Sealing the Envelope
Jonathan Baron, an associate with Shepley Bulfinch, a Boston-based architectural firm, notes that part of improving IEQ in any building must include a tight building envelope.
“In an existing building, it can be tricky to make an exterior wall more airtight, and without a lot of destructive investigation, it can be difficult to know what measures must be taken,” he says. “Careful thought must be given to the types of unexpected conditions that might be encountered and potential remediation measures.”
As an example, he points to the complications that can arise with discovery of problematic materials when adding an air barrier within a wall.
“You might not be able to anticipate every potential condition, but some forethought will help you be prepared for whatever surprises are lurking within the existing walls,” he says.
Special needs, such as preserving delicate items that will be stored or displayed, may also merit consideration.
“Colleges and universities often house historical artifacts, works of art, and books that are essential to reflecting a school’s culture, history, and mission,” says Kerim Evin, senior vice president of operations for Skanska USA Building’s New England region. “In order to preserve these pieces, a building’s IEQ must be accounted for.”
In achieving good indoor environmental quality in historic facilities, clear goals must be established early on and then stressed and reexamined throughout the renovation process, according to Baron.

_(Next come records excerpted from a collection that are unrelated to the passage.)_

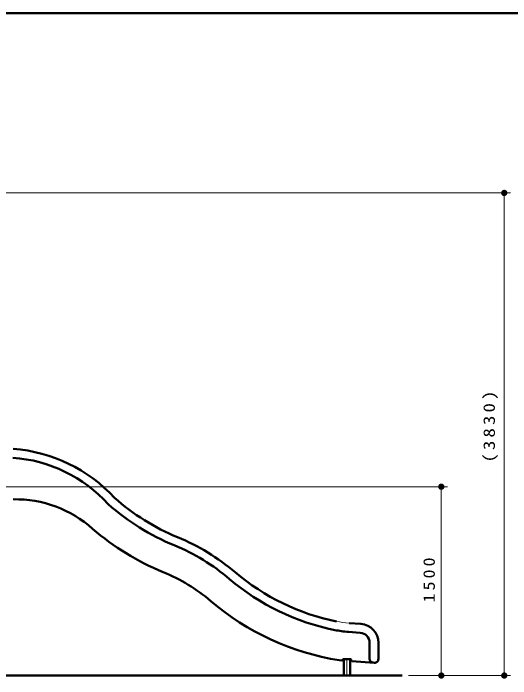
# Model space of a CAD drawing. Units: millimetres on the paper, scale 1:50. Extents: x -385 to 0, y -594 to 267.
# Drawn here: x -212.9 to -133.8, y -135.7 to -30 of the extents above; entities that cross this region are included whole.
import ezdxf

# ---------------------------------------------------------------- set-up
doc = ezdxf.new("R2010")
doc.units = ezdxf.units.MM
doc.linetypes.add('USER2', pattern=[6, 3, -1, 1, -1])
doc.layers.add('LY_1', color=140, linetype='Continuous', lineweight=50)
doc.styles.add('ＭＳ ゴシック', font='')
doc.styles.get('ＭＳ ゴシック').set_extended_font_data('MS Gothic')

# ---------------------------------------------------------------- blocks, each defined once
blk = doc.blocks.new('filled_dot')
at = {"color": 0, "linetype": 'Continuous', "lineweight": -2, "const_width": 1.25}
blk.add_lwpolyline([(-0.625, 0, 1), (0.625, 0, 1)], format="xyb", close=True, dxfattribs=at)

msp = doc.modelspace()

# ---------------------------------------------------------------- linework, layer by layer
at = {"layer": 'LY_1', "color": 7}
for p, q in [((0, -30), (-385, -30)), ((-151.062, -135.218), (-354.604, -135.218))]:
    msp.add_line(p, q, dxfattribs=at)
at = {"layer": 'LY_1', "color": 7, "lineweight": 13}
for p, q in [((-226.082, -58.541), (-133.869, -58.541)), ((-134.869, -58.541), (-134.869, -135.218)), ((-216.249, -105.218), (-143.869, -105.218)), ((-144.869, -105.218), (-144.869, -135.218)), ((-150.062, -135.218), (-133.869, -135.218)), ((-150.062, -135.218), (-143.869, -135.218))]:
    msp.add_line(p, q, dxfattribs=at)
at = {"layer": 'LY_1'}
for p, q in [((-159.527, -126.881), (-157.659, -127.012)), ((-159.625, -128.278), (-157.757, -128.409)), ((-156.269, -130.005), (-156.269, -132.564)), ((-154.869, -130.005), (-154.869, -132.578)), ((-161.084, -132.787), (-160.676, -132.816)), ((-160.469, -132.617), (-159.269, -132.617)), ((-160.369, -132.617), (-160.369, -135.218)), ((-159.369, -132.617), (-159.369, -135.218)), ((-159.169, -132.717), (-159.169, -132.828)), ((-159.076, -132.928), (-155.51, -133.177))]:
    msp.add_line(p, q, dxfattribs=at)
at = {"layer": 'LY_1', "color": 7, "linetype": 'USER2', "lineweight": 13}
msp.add_line((-159.869, -132.617), (-159.869, -135.218), dxfattribs=at)
at = {"layer": 'LY_1'}
for centre, radius, start, end in [((-214.533, -123.161), 24, 42.34811, 86.02278), ((-214.533, -123.161), 22.6, 42.15934, 86.02278), ((-212.524, -125.515), 18.3, 48.03465, 91.08034), ((-173.182, -80.218), 35.7, 228.59038, 247.62885), ((-173.182, -80.218), 37.1, 228.46958, 247.62885), ((-173.182, -80.218), 41.7, 229.45953, 247.62885), ((-199.825, -144.95), 34.3, 49.63904, 67.62885), ((-199.825, -144.95), 32.9, 49.63904, 67.62885), ((-199.825, -144.95), 28.3, 49.63904, 67.62885), ((-154.493, -91.611), 35.7, 229.63904, 258.64013), ((-154.493, -91.611), 37.1, 229.63904, 258.64013), ((-154.493, -91.611), 41.7, 229.63904, 260.90479), ((-157.869, -130.005), 3, 0, 86), ((-158.432, -111.22), 17.1, 258.64013, 266), ((-157.869, -130.005), 1.6, 0, 86), ((-160.669, -132.716), 0.1, 266, 0), ((-160.469, -132.717), 0.1, 90, 180), ((-159.269, -132.717), 0.1, 0, 90), ((-159.069, -132.828), 0.1, 180, 266), ((-155.669, -132.564), 0.6, 180, 266), ((-155.469, -132.578), 0.6, 266, 0)]:
    msp.add_arc(centre, radius, start, end, dxfattribs=at)
at = {"layer": 'LY_1', "color": 7, "lineweight": 13}
msp.add_arc((-158.432, -111.22), 15.7, 258.64013, 266, dxfattribs=at)

# ---------------------------------------------------------------- block references
at = {"layer": 'LY_1', "color": 7, "lineweight": 13, "xscale": 0.4, "yscale": 0.4}
for p, rotation in [((-134.869, -58.541), 270), ((-144.869, -105.218), 270), ((-144.869, -135.218), 90), ((-134.869, -135.218), 90)]:
    msp.add_blockref('filled_dot', p, dxfattribs=dict(at, rotation=rotation))

# ---------------------------------------------------------------- texts
at = {"layer": 'LY_1', "color": 7, "char_height": 1.833, "attachment_point": 8, "rotation": 90, "style": 'ＭＳ ゴシック'}
for s, insert in [('\\T1.33;\\W1.2;(3830)', (-135.869, -95.417)), ('\\T1.33;\\W1.15;1500', (-145.869, -119.797))]:
    msp.add_mtext(s, dxfattribs=dict(at, insert=insert))

doc.saveas('drawing.dxf')

“It might be obvious that low-VOC materials should be specified and installed, but changes happen in the construction process,” he says.
He recalls a recent project for which his firm specified a special epoxy flooring with minimal synthetic components. While not a standard offering from the manufacturer, it was available when required. But the flooring subcontractor failed to recognize the product designation, assumed the architect made a mistake in the specification, and planned to use the standard product.
“It would have been easy to miss this change, but our construction administration staff caught the oversight and were able to stress that the special-order material must be used,” Baron says. “Since our staff understood the goals and intent, we caught what might have seemed like a routine product substitution.”
Moss recommends across-the-board involvement.
“It’s best to involve the design and construction team early in the planning process,” he says. “The time and effort spent in preplanning and mockups for everything from paint on plaster walls to lighting and windows can minimize surprises and guarantee a successful completed project for the entire design, construction, and client team.”
He also advises careful consideration of the costs that might be involved.
“It’s important for campus leaders to consider the additional upfront cost for adding systems that never existed or upgrading an outdated system in the planning of a renovation of an historic facility,” Moss says. “While that initial cost will be higher, there will be an eventual payback in better air quality and energy efficiency that should result in lower utility costs. It is important to consider the overall value to the completed project.”
Of course even when costs are accounted for, renovating older buildings has never been easy. But in an era of high expectations, more attention than ever must be given to the quality of the indoor environment. If proper attention is given to this factor as construction plans are made, however, historic structures can
be adapted to meet today’s exacting standards.
Mark Rowh is a Virginia-based freelance writer specializing in higher education and business topics.